**Brief**
Retype exactly the lines that run from the start of the data to the line holding "0) x (0, 0, -1)", including both, and only those.

[Collected data entries]
[Start of section]

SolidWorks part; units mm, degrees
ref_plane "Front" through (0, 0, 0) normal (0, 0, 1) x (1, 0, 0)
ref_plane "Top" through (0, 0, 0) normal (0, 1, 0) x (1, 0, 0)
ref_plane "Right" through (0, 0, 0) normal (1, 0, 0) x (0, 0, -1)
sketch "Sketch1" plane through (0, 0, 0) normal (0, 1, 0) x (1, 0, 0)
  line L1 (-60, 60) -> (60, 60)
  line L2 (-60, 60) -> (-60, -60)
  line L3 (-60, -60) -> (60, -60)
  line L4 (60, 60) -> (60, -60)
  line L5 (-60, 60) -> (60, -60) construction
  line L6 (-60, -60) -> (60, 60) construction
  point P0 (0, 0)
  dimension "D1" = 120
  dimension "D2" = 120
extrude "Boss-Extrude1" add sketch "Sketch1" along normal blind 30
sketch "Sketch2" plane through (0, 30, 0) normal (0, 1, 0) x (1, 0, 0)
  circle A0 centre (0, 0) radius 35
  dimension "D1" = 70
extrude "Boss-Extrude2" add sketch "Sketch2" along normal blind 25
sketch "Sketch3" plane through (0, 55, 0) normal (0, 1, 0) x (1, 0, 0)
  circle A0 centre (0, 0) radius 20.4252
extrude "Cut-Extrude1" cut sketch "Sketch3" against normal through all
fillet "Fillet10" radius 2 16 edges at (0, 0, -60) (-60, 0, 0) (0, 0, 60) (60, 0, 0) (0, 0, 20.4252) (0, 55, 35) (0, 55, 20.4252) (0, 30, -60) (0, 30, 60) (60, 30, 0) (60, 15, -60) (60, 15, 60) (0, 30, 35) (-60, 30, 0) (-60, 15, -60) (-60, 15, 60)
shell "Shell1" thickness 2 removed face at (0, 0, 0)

[End of section]

**Written response**
SolidWorks part; units mm, degrees
ref_plane "Front" through (0, 0, 0) normal (0, 0, 1) x (1, 0, 0)
ref_plane "Top" through (0, 0, 0) normal (0, 1, 0) x (1, 0, 0)
ref_plane "Right" through (0, 0, 0) normal (1, 0, 0) x (0, 0, -1)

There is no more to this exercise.